We were working on an application here and the other developer, who comes from a VB/CGI/web-development world, coded a lot of the logic into UDFs, then put the UDFs in the select and where clauses... You have to keep in mind that if the UDF does a select off of a large table to return it's result, then you put it into a select or especially a where clause, it has to execute one time for every row that the statement is going to return. With caching, it might not generate TOO much IO, but if your result set is large and it adds a tiny bit of time to each row, you can drag an application to it's knees waiting for it to return.

In our case, the developer's first attempt required over 10 to 15 minutes or more to return a few hundred rows out of a table with around one million (this was for a web application). I later recoded it without using the UDFs and got the entire thing to run in under three seconds. To be fair to UDFs, that wasn't the only problem the stored procedure had. This is an extreme case, but I think it makes the point.

Matthew Galbraith

ps: I do use UDFs, but usually only in cases where I can't do it any other way, or as a shortcut when I'm writing one-off ad hoc queries; I eschew them almost completely in where clauses though I do sometimes use them as 'smart' views in joins and every once in a while will put a simple one in the select clause.

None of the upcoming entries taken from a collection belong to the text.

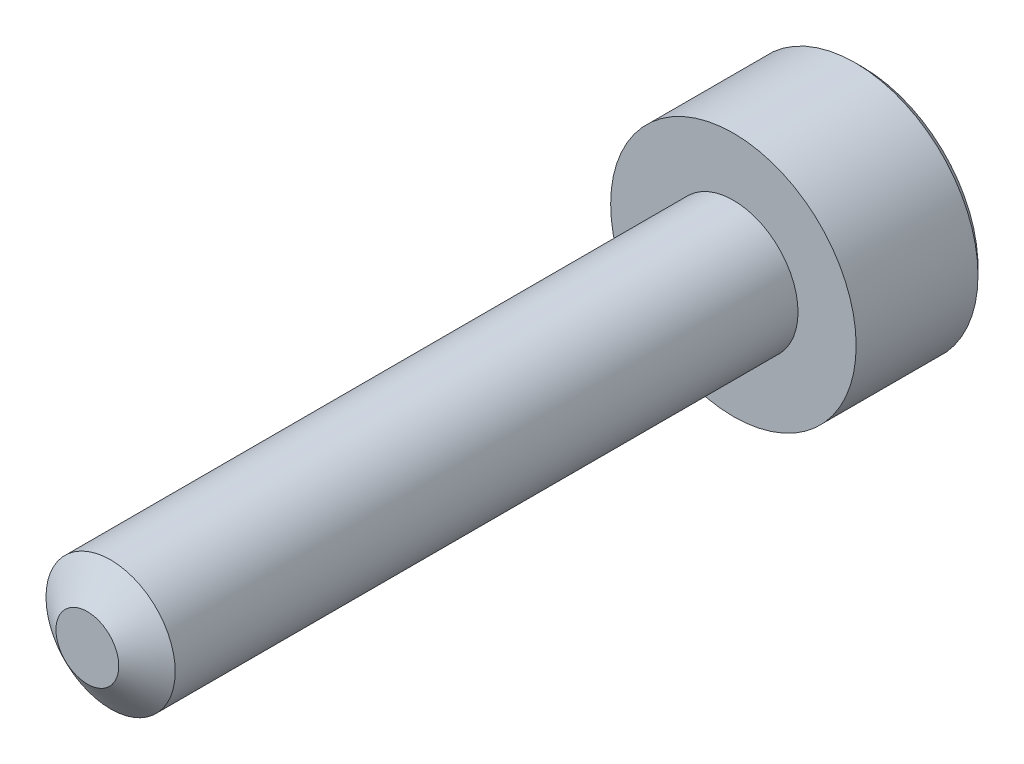
ISO-10303-21;
HEADER;
FILE_DESCRIPTION(('STEP AP214'),'2;1');
FILE_NAME('part.step','',(''),(''),'','','');
FILE_SCHEMA(('AUTOMOTIVE_DESIGN { 1 0 10303 214 1 1 1 1 }'));
ENDSEC;
DATA;
#1=APPLICATION_CONTEXT('core data for automotive mechanical design processes');
#2=APPLICATION_PROTOCOL_DEFINITION('international standard','automotive_design',2000,#1);
#3=PRODUCT_CONTEXT('',#1,'mechanical');
#4=PRODUCT('Part','Part','',(#3));
#5=PRODUCT_RELATED_PRODUCT_CATEGORY('part','',(#4));
#6=PRODUCT_DEFINITION_FORMATION('','',#4);
#7=PRODUCT_DEFINITION_CONTEXT('part definition',#1,'design');
#8=PRODUCT_DEFINITION('design','',#6,#7);
#9=PRODUCT_DEFINITION_SHAPE('','',#8);
#10=(LENGTH_UNIT() NAMED_UNIT(*) SI_UNIT(.MILLI.,.METRE.));
#11=(NAMED_UNIT(*) PLANE_ANGLE_UNIT() SI_UNIT($,.RADIAN.));
#12=(NAMED_UNIT(*) SI_UNIT($,.STERADIAN.) SOLID_ANGLE_UNIT());
#13=UNCERTAINTY_MEASURE_WITH_UNIT(LENGTH_MEASURE(1.E-05),#10,'distance_accuracy_value','');
#14=(GEOMETRIC_REPRESENTATION_CONTEXT(3) GLOBAL_UNCERTAINTY_ASSIGNED_CONTEXT((#13)) GLOBAL_UNIT_ASSIGNED_CONTEXT((#10,
#11,#12)) REPRESENTATION_CONTEXT('',''));
#15=CARTESIAN_POINT('',(0.,0.,0.));
#16=DIRECTION('',(0.,0.,1.));
#17=DIRECTION('',(1.,0.,0.));
#18=AXIS2_PLACEMENT_3D('',#15,#16,#17);
#19=CARTESIAN_POINT('',(0.75,1.29903810567666,-10.875));
#20=DIRECTION('',(0.,0.,-1.));
#21=DIRECTION('',(-1.,0.,0.));
#22=AXIS2_PLACEMENT_3D('',#19,#20,#21);
#23=PLANE('',#22);
#24=DIRECTION('',(0.866025403784439,-0.5,0.));
#25=VECTOR('',#24,1.);
#26=CARTESIAN_POINT('',(0.,-0.866025403784439,-10.875));
#27=LINE('',#26,#25);
#28=CARTESIAN_POINT('',(0.,-0.866025403784438,-10.875));
#29=VERTEX_POINT('',#28);
#30=CARTESIAN_POINT('',(-0.75,-0.43301270189222,-10.875));
#31=VERTEX_POINT('',#30);
#32=EDGE_CURVE('E83',#29,#31,#27,.F.);
#33=ORIENTED_EDGE('',*,*,#32,.T.);
#34=DIRECTION('',(0.,-1.,0.));
#35=VECTOR('',#34,1.);
#36=CARTESIAN_POINT('',(-0.75,-0.433012701892219,-10.875));
#37=LINE('',#36,#35);
#38=CARTESIAN_POINT('',(-0.75,0.43301270189222,-10.875));
#39=VERTEX_POINT('',#38);
#40=EDGE_CURVE('E85',#31,#39,#37,.F.);
#41=ORIENTED_EDGE('',*,*,#40,.T.);
#42=DIRECTION('',(-0.866025403784439,-0.5,0.));
#43=VECTOR('',#42,1.);
#44=CARTESIAN_POINT('',(-0.75,0.43301270189222,-10.875));
#45=LINE('',#44,#43);
#46=CARTESIAN_POINT('',(0.,0.866025403784439,-10.875));
#47=VERTEX_POINT('',#46);
#48=EDGE_CURVE('E86',#39,#47,#45,.F.);
#49=ORIENTED_EDGE('',*,*,#48,.T.);
#50=DIRECTION('',(-0.866025403784439,0.5,0.));
#51=VECTOR('',#50,1.);
#52=CARTESIAN_POINT('',(0.,0.866025403784439,-10.875));
#53=LINE('',#52,#51);
#54=CARTESIAN_POINT('',(0.75,0.43301270189222,-10.875));
#55=VERTEX_POINT('',#54);
#56=EDGE_CURVE('E72',#47,#55,#53,.F.);
#57=ORIENTED_EDGE('',*,*,#56,.T.);
#58=DIRECTION('',(0.,1.,0.));
#59=VECTOR('',#58,1.);
#60=CARTESIAN_POINT('',(0.75,0.433012701892219,-10.875));
#61=LINE('',#60,#59);
#62=CARTESIAN_POINT('',(0.75,-0.433012701892219,-10.875));
#63=VERTEX_POINT('',#62);
#64=EDGE_CURVE('E111',#55,#63,#61,.F.);
#65=ORIENTED_EDGE('',*,*,#64,.T.);
#66=DIRECTION('',(0.866025403784439,0.5,0.));
#67=VECTOR('',#66,1.);
#68=CARTESIAN_POINT('',(0.75,-0.433012701892219,-10.875));
#69=LINE('',#68,#67);
#70=EDGE_CURVE('E116',#63,#29,#69,.F.);
#71=ORIENTED_EDGE('',*,*,#70,.T.);
#72=EDGE_LOOP('',(#33,#41,#49,#57,#65,#71));
#73=FACE_BOUND('',#72,.T.);
#74=ADVANCED_FACE('F17',(#73),#23,.T.);
#75=CARTESIAN_POINT('',(-0.75,0.43301270189222,-10.875));
#76=DIRECTION('',(-0.5,0.866025403784439,0.));
#77=DIRECTION('',(-0.866025403784439,-0.5,0.));
#78=AXIS2_PLACEMENT_3D('',#75,#76,#77);
#79=PLANE('',#78);
#80=CARTESIAN_POINT('',(-0.750000000040529,0.43301270186855,-11.9999999999426));
#81=CARTESIAN_POINT('',(-0.724222098361885,0.447895580342032,-11.9851314747047));
#82=CARTESIAN_POINT('',(-0.698013243251965,0.463027269894967,-11.9711362751578));
#83=CARTESIAN_POINT('',(-0.644570697690296,0.493882337961228,-11.9455116575959));
#84=CARTESIAN_POINT('',(-0.617331927624619,0.509608649191022,-11.9338964924212));
#85=CARTESIAN_POINT('',(-0.562406176657021,0.541320046297593,-11.9139997801948));
#86=CARTESIAN_POINT('',(-0.534733177823342,0.557297059623507,-11.9056682343593));
#87=CARTESIAN_POINT('',(-0.478778549519084,0.589602479337379,-11.8928313651219));
#88=CARTESIAN_POINT('',(-0.450498627105905,0.605929900155289,-11.8883164648236));
#89=CARTESIAN_POINT('',(-0.401754212824382,0.634072500862216,-11.8842441635211));
#90=CARTESIAN_POINT('',(-0.381353021236444,0.645851134317301,-11.8836424251561));
#91=CARTESIAN_POINT('',(-0.340590218284616,0.669385549574463,-11.884656584782));
#92=CARTESIAN_POINT('',(-0.320228616658731,0.6811413257543,-11.8862729726425));
#93=CARTESIAN_POINT('',(-0.259434728846723,0.716240693247646,-11.8943424897742));
#94=CARTESIAN_POINT('',(-0.219305071732706,0.739409561584911,-11.9040168811747));
#95=CARTESIAN_POINT('',(-0.148902945251058,0.780056248260613,-11.9273532604901));
#96=CARTESIAN_POINT('',(-0.118299096510162,0.797725388569408,-11.9397877408232));
#97=CARTESIAN_POINT('',(-0.0582891007940733,0.83237217575016,-11.9677959637177));
#98=CARTESIAN_POINT('',(-0.028879420212564,0.849351862750675,-11.9833594872014));
#99=CARTESIAN_POINT('',(4.06728419388189E-11,0.866025403807922,-11.9999999999424));
#100=B_SPLINE_CURVE_WITH_KNOTS('',3,(#80,#81,#82,#83,#84,#85,#86,#87,#88,#89,#90,#91,#92,#93,
#94,#95,#96,#97,#98,#99),.UNSPECIFIED.,.F.,.F.,(4,2,2,2,2,2,2,2,2,4),(0.,0.0998872099789562,
0.200356156186847,0.299229995240019,0.39785499294776,0.46844734555236,0.539055290873642,
0.680311200793199,0.792547810185166,0.90442365474513),.UNSPECIFIED.);
#101=CARTESIAN_POINT('',(-0.750000000035288,0.433012701912593,-11.9999999999597));
#102=VERTEX_POINT('',#101);
#103=CARTESIAN_POINT('',(-5.02313178448405E-11,0.866025403836932,-11.9999999999715));
#104=VERTEX_POINT('',#103);
#105=EDGE_CURVE('E20',#102,#104,#100,.T.);
#106=ORIENTED_EDGE('',*,*,#105,.T.);
#107=DIRECTION('',(0.,0.,1.));
#108=VECTOR('',#107,1.);
#109=CARTESIAN_POINT('',(0.,0.866025403784439,-10.875));
#110=LINE('',#109,#108);
#111=EDGE_CURVE('E91',#104,#47,#110,.T.);
#112=ORIENTED_EDGE('',*,*,#111,.T.);
#113=ORIENTED_EDGE('',*,*,#48,.F.);
#114=DIRECTION('',(0.,0.,1.));
#115=VECTOR('',#114,1.);
#116=CARTESIAN_POINT('',(-0.75,0.43301270189222,-10.875));
#117=LINE('',#116,#115);
#118=EDGE_CURVE('E59',#39,#102,#117,.F.);
#119=ORIENTED_EDGE('',*,*,#118,.T.);
#120=EDGE_LOOP('',(#106,#112,#113,#119));
#121=FACE_BOUND('',#120,.T.);
#122=ADVANCED_FACE('F90',(#121),#79,.F.);
#123=CARTESIAN_POINT('',(-0.75,-0.433012701892219,-10.875));
#124=DIRECTION('',(-1.,0.,0.));
#125=DIRECTION('',(0.,-1.,0.));
#126=AXIS2_PLACEMENT_3D('',#123,#124,#125);
#127=PLANE('',#126);
#128=CARTESIAN_POINT('',(-0.749999999999766,-0.433012701939152,-11.9999999999426));
#129=CARTESIAN_POINT('',(-0.749999999999916,-0.403246944992447,-11.9851314747047));
#130=CARTESIAN_POINT('',(-0.749999999999977,-0.372983565886684,-11.9711362751578));
#131=CARTESIAN_POINT('',(-0.750000000000023,-0.31127342975424,-11.9455116575959));
#132=CARTESIAN_POINT('',(-0.750000000000006,-0.279820807294623,-11.9338964924212));
#133=CARTESIAN_POINT('',(-0.749999999999994,-0.21639801308146,-11.9139997801948));
#134=CARTESIAN_POINT('',(-0.749999999999998,-0.184443986429638,-11.9056682343593));
#135=CARTESIAN_POINT('',(-0.750000000000001,-0.119833147001899,-11.8928313651219));
#136=CARTESIAN_POINT('',(-0.75,-0.0871783053660778,-11.8883164648236));
#137=CARTESIAN_POINT('',(-0.75,-0.0308931039522219,-11.8842441635211));
#138=CARTESIAN_POINT('',(-0.75,-0.00733583704205067,-11.8836424251561));
#139=CARTESIAN_POINT('',(-0.75,0.0397329934722727,-11.884656584782));
#140=CARTESIAN_POINT('',(-0.75,0.0632445458319463,-11.8862729726425));
#141=CARTESIAN_POINT('',(-0.75,0.133443280818641,-11.8943424897742));
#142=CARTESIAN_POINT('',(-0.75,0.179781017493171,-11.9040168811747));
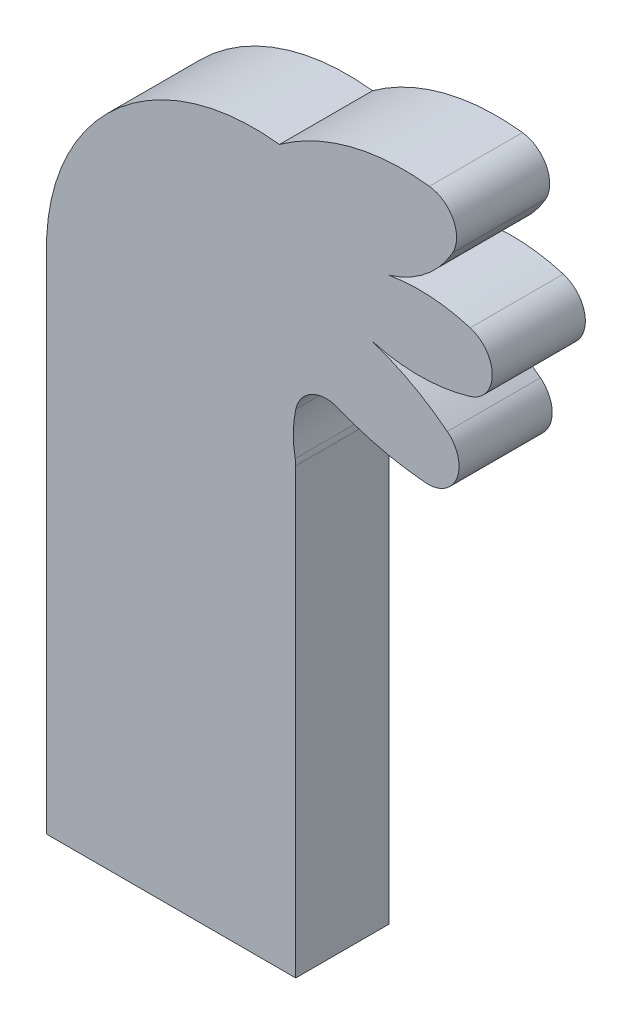
ISO-10303-21;
HEADER;
FILE_DESCRIPTION(('STEP AP214'),'2;1');
FILE_NAME('part.step','',(''),(''),'','','');
FILE_SCHEMA(('AUTOMOTIVE_DESIGN { 1 0 10303 214 1 1 1 1 }'));
ENDSEC;
DATA;
#1=APPLICATION_CONTEXT('core data for automotive mechanical design processes');
#2=APPLICATION_PROTOCOL_DEFINITION('international standard','automotive_design',2000,#1);
#3=PRODUCT_CONTEXT('',#1,'mechanical');
#4=PRODUCT('Part','Part','',(#3));
#5=PRODUCT_RELATED_PRODUCT_CATEGORY('part','',(#4));
#6=PRODUCT_DEFINITION_FORMATION('','',#4);
#7=PRODUCT_DEFINITION_CONTEXT('part definition',#1,'design');
#8=PRODUCT_DEFINITION('design','',#6,#7);
#9=PRODUCT_DEFINITION_SHAPE('','',#8);
#10=(LENGTH_UNIT() NAMED_UNIT(*) SI_UNIT(.MILLI.,.METRE.));
#11=(NAMED_UNIT(*) PLANE_ANGLE_UNIT() SI_UNIT($,.RADIAN.));
#12=(NAMED_UNIT(*) SI_UNIT($,.STERADIAN.) SOLID_ANGLE_UNIT());
#13=UNCERTAINTY_MEASURE_WITH_UNIT(LENGTH_MEASURE(1.E-05),#10,'distance_accuracy_value','');
#14=(GEOMETRIC_REPRESENTATION_CONTEXT(3) GLOBAL_UNCERTAINTY_ASSIGNED_CONTEXT((#13)) GLOBAL_UNIT_ASSIGNED_CONTEXT((#10,
#11,#12)) REPRESENTATION_CONTEXT('',''));
#15=CARTESIAN_POINT('',(0.,0.,0.));
#16=DIRECTION('',(0.,0.,1.));
#17=DIRECTION('',(1.,0.,0.));
#18=AXIS2_PLACEMENT_3D('',#15,#16,#17);
#19=CARTESIAN_POINT('',(13.7145077739251,-21.6016683174806,3.));
#20=DIRECTION('',(0.,0.,-1.));
#21=DIRECTION('',(-1.,0.,0.));
#22=AXIS2_PLACEMENT_3D('',#19,#20,#21);
#23=CYLINDRICAL_SURFACE('',#22,5.70087712549573);
#24=CARTESIAN_POINT('',(13.7145077739251,-21.6016683174806,0.));
#25=DIRECTION('',(0.,0.,1.));
#26=DIRECTION('',(1.,0.,0.));
#27=AXIS2_PLACEMENT_3D('',#24,#25,#26);
#28=CIRCLE('',#27,5.70087712549573);
#29=CARTESIAN_POINT('',(12.2145077739251,-27.1016683174806,0.));
#30=VERTEX_POINT('',#29);
#31=CARTESIAN_POINT('',(15.3632115742729,-27.0589364782657,0.));
#32=VERTEX_POINT('',#31);
#33=EDGE_CURVE('E178',#30,#32,#28,.T.);
#34=ORIENTED_EDGE('',*,*,#33,.T.);
#35=DIRECTION('',(0.,0.,-1.));
#36=VECTOR('',#35,1.);
#37=CARTESIAN_POINT('',(15.3632115742729,-27.0589364782657,3.));
#38=LINE('',#37,#36);
#39=CARTESIAN_POINT('',(15.3632115742729,-27.0589364782657,3.));
#40=VERTEX_POINT('',#39);
#41=EDGE_CURVE('E11',#40,#32,#38,.T.);
#42=ORIENTED_EDGE('',*,*,#41,.F.);
#43=CARTESIAN_POINT('',(13.7145077739251,-21.6016683174806,3.));
#44=DIRECTION('',(0.,0.,1.));
#45=DIRECTION('',(1.,0.,0.));
#46=AXIS2_PLACEMENT_3D('',#43,#44,#45);
#47=CIRCLE('',#46,5.70087712549573);
#48=CARTESIAN_POINT('',(12.2145077739251,-27.1016683174806,3.));
#49=VERTEX_POINT('',#48);
#50=EDGE_CURVE('E208',#49,#40,#47,.T.);
#51=ORIENTED_EDGE('',*,*,#50,.F.);
#52=DIRECTION('',(0.,0.,-1.));
#53=VECTOR('',#52,1.);
#54=CARTESIAN_POINT('',(12.2145077739251,-27.1016683174806,3.));
#55=LINE('',#54,#53);
#56=EDGE_CURVE('E174',#49,#30,#55,.T.);
#57=ORIENTED_EDGE('',*,*,#56,.T.);
#58=EDGE_LOOP('',(#34,#42,#51,#57));
#59=FACE_BOUND('',#58,.T.);
#60=ADVANCED_FACE('F34',(#59),#23,.T.);
#61=CARTESIAN_POINT('',(15.0740097963615,-26.1016683174806,3.));
#62=DIRECTION('',(0.,0.,-1.));
#63=DIRECTION('',(-1.,0.,0.));
#64=AXIS2_PLACEMENT_3D('',#61,#62,#63);
#65=CYLINDRICAL_SURFACE('',#64,1.00000000000001);
#66=CARTESIAN_POINT('',(15.0740097963615,-26.1016683174806,0.));
#67=DIRECTION('',(0.,0.,1.));
#68=DIRECTION('',(1.,0.,0.));
#69=AXIS2_PLACEMENT_3D('',#66,#67,#68);
#70=CIRCLE('',#69,1.00000000000001);
#71=CARTESIAN_POINT('',(15.3632115742729,-25.1444001566955,0.));
#72=VERTEX_POINT('',#71);
#73=EDGE_CURVE('E181',#32,#72,#70,.T.);
#74=ORIENTED_EDGE('',*,*,#73,.T.);
#75=DIRECTION('',(0.,0.,-1.));
#76=VECTOR('',#75,1.);
#77=CARTESIAN_POINT('',(15.3632115742729,-25.1444001566955,3.));
#78=LINE('',#77,#76);
#79=CARTESIAN_POINT('',(15.3632115742729,-25.1444001566955,3.));
#80=VERTEX_POINT('',#79);
#81=EDGE_CURVE('E42',#80,#72,#78,.T.);
#82=ORIENTED_EDGE('',*,*,#81,.F.);
#83=CARTESIAN_POINT('',(15.0740097963615,-26.1016683174806,3.));
#84=DIRECTION('',(0.,0.,1.));
#85=DIRECTION('',(1.,0.,0.));
#86=AXIS2_PLACEMENT_3D('',#83,#84,#85);
#87=CIRCLE('',#86,1.00000000000001);
#88=EDGE_CURVE('E117',#40,#80,#87,.T.);
#89=ORIENTED_EDGE('',*,*,#88,.F.);
#90=ORIENTED_EDGE('',*,*,#41,.T.);
#91=EDGE_LOOP('',(#74,#82,#89,#90));
#92=FACE_BOUND('',#91,.T.);
#93=ADVANCED_FACE('F306',(#92),#65,.T.);
#94=CARTESIAN_POINT('',(13.7145077739251,-30.6016683174806,3.));
#95=DIRECTION('',(0.,0.,-1.));
#96=DIRECTION('',(-1.,0.,0.));
#97=AXIS2_PLACEMENT_3D('',#94,#95,#96);
#98=CYLINDRICAL_SURFACE('',#97,5.7008771254957);
#99=CARTESIAN_POINT('',(13.7145077739251,-30.6016683174806,0.));
#100=DIRECTION('',(0.,0.,1.));
#101=DIRECTION('',(1.,0.,0.));
#102=AXIS2_PLACEMENT_3D('',#99,#100,#101);
#103=CIRCLE('',#102,5.7008771254957);
#104=CARTESIAN_POINT('',(12.743919538631,-24.9840212586571,0.));
#105=VERTEX_POINT('',#104);
#106=EDGE_CURVE('E183',#72,#105,#103,.T.);
#107=ORIENTED_EDGE('',*,*,#106,.T.);
#108=DIRECTION('',(0.,0.,-1.));
#109=VECTOR('',#108,1.);
#110=CARTESIAN_POINT('',(12.743919538631,-24.9840212586571,3.));
#111=LINE('',#110,#109);
#112=CARTESIAN_POINT('',(12.743919538631,-24.9840212586571,3.));
#113=VERTEX_POINT('',#112);
#114=EDGE_CURVE('E239',#113,#105,#111,.T.);
#115=ORIENTED_EDGE('',*,*,#114,.F.);
#116=CARTESIAN_POINT('',(13.7145077739251,-30.6016683174806,3.));
#117=DIRECTION('',(0.,0.,1.));
#118=DIRECTION('',(1.,0.,0.));
#119=AXIS2_PLACEMENT_3D('',#116,#117,#118);
#120=CIRCLE('',#119,5.7008771254957);
#121=EDGE_CURVE('E247',#80,#113,#120,.T.);
#122=ORIENTED_EDGE('',*,*,#121,.F.);
#123=ORIENTED_EDGE('',*,*,#81,.T.);
#124=EDGE_LOOP('',(#107,#115,#122,#123));
#125=FACE_BOUND('',#124,.T.);
#126=ADVANCED_FACE('F245',(#125),#98,.T.);
#127=CARTESIAN_POINT('',(11.7145077739251,-21.6016683174806,3.));
#128=DIRECTION('',(0.,0.,-1.));
#129=DIRECTION('',(-1.,0.,0.));
#130=AXIS2_PLACEMENT_3D('',#127,#128,#129);
#131=CYLINDRICAL_SURFACE('',#130,3.53553390593272);
#132=CARTESIAN_POINT('',(11.7145077739251,-21.6016683174806,0.));
#133=DIRECTION('',(0.,0.,1.));
#134=DIRECTION('',(1.,0.,0.));
#135=AXIS2_PLACEMENT_3D('',#132,#133,#134);
#136=CIRCLE('',#135,3.53553390593272);
#137=CARTESIAN_POINT('',(14.7961430373167,-23.3347361474922,0.));
#138=VERTEX_POINT('',#137);
#139=EDGE_CURVE('E185',#105,#138,#136,.T.);
#140=ORIENTED_EDGE('',*,*,#139,.T.);
#141=DIRECTION('',(0.,0.,-1.));
#142=VECTOR('',#141,1.);
#143=CARTESIAN_POINT('',(14.7961430373167,-23.3347361474922,3.));
#144=LINE('',#143,#142);
#145=CARTESIAN_POINT('',(14.7961430373167,-23.3347361474922,3.));
#146=VERTEX_POINT('',#145);
#147=EDGE_CURVE('E236',#146,#138,#144,.T.);
#148=ORIENTED_EDGE('',*,*,#147,.F.);
#149=CARTESIAN_POINT('',(11.7145077739251,-21.6016683174806,3.));
#150=DIRECTION('',(0.,0.,1.));
#151=DIRECTION('',(1.,0.,0.));
#152=AXIS2_PLACEMENT_3D('',#149,#150,#151);
#153=CIRCLE('',#152,3.53553390593272);
#154=EDGE_CURVE('E265',#113,#146,#153,.T.);
#155=ORIENTED_EDGE('',*,*,#154,.F.);
#156=ORIENTED_EDGE('',*,*,#114,.T.);
#157=EDGE_LOOP('',(#140,#148,#155,#156));
#158=FACE_BOUND('',#157,.T.);
#159=ADVANCED_FACE('F256',(#158),#131,.T.);
#160=CARTESIAN_POINT('',(13.9245249605616,-22.8445505415492,3.));
#161=DIRECTION('',(0.,0.,-1.));
#162=DIRECTION('',(-1.,0.,0.));
#163=AXIS2_PLACEMENT_3D('',#160,#161,#162);
#164=CYLINDRICAL_SURFACE('',#163,1.00000000000001);
#165=CARTESIAN_POINT('',(13.9245249605616,-22.8445505415492,0.));
#166=DIRECTION('',(0.,0.,1.));
#167=DIRECTION('',(1.,0.,0.));
#168=AXIS2_PLACEMENT_3D('',#165,#166,#167);
#169=CIRCLE('',#168,1.00000000000001);
#170=CARTESIAN_POINT('',(14.0469262003186,-21.8520698432452,0.));
#171=VERTEX_POINT('',#170);
#172=EDGE_CURVE('E187',#138,#171,#169,.T.);
#173=ORIENTED_EDGE('',*,*,#172,.T.);
#174=DIRECTION('',(0.,0.,-1.));
#175=VECTOR('',#174,1.);
#176=CARTESIAN_POINT('',(14.0469262003186,-21.8520698432452,3.));
#177=LINE('',#176,#175);
#178=CARTESIAN_POINT('',(14.0469262003186,-21.8520698432452,3.));
#179=VERTEX_POINT('',#178);
#180=EDGE_CURVE('E233',#179,#171,#177,.T.);
#181=ORIENTED_EDGE('',*,*,#180,.F.);
#182=CARTESIAN_POINT('',(13.9245249605616,-22.8445505415492,3.));
#183=DIRECTION('',(0.,0.,1.));
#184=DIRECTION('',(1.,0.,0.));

Jeremy Kemp SSCertifiable Points: 6754 More actions · Answer 13

Some timings:

No UDFs (Basic) - 1036 rows/second

Basic + Currency Conversion UDFs - 770 rows/sec

Basic + Date UDFs - 550 rows/sec

Basic + Currency UDFs + Date UDFs - 480 rows/sec

Basic + Date validation as case statement - 710 rows/sec

Basic + Date validation as case + table join for currency conversion - 880 rows/sec

Yes the UDFs were killing performance as several of you suggested. I am surprised by how much they affected performance especially the date UDFs when they are very simple statements.

I've also checked my cursor and confess to not using UDFs in there for date validation - I was using a much simpler if statement so the comparison between cursor processing and set processing is perhaps not fair.

As speed is important, I will recode my update processing to use set processing.

I'm interested in how people use UDFs but I will start another thread for that.

Thanks for all your help.

Jeremy

Antares686 SSC Guru Points: 125444 More actions · Answer 14

quote:
Is the following statement a valid example of the checksum-statement ? I've read about the * on msdn (-which does not mention the abality to use the table-qualifications as t. and o.) but am unable to test because I have a couple of days off right now
UPDATE o
SET
o.data1 = t.data1
, o.data2 = t.data2
, o.data3 = t.data3
, o.modify_date = @processing_date
, o.modify_flag = 'U'
FROM odstable o
INNER JOIN temptable t
ON t.key1 = o.key1
AND t.key2 = o.key2
AND t.key3 = o.key3
WHERE
(
checksum(o.*) <> checksum(t.*)
)

That would be a No. * will not work in this case.

And I do have to say SeekQuel that is an unique approach. Have to use sometime myself now.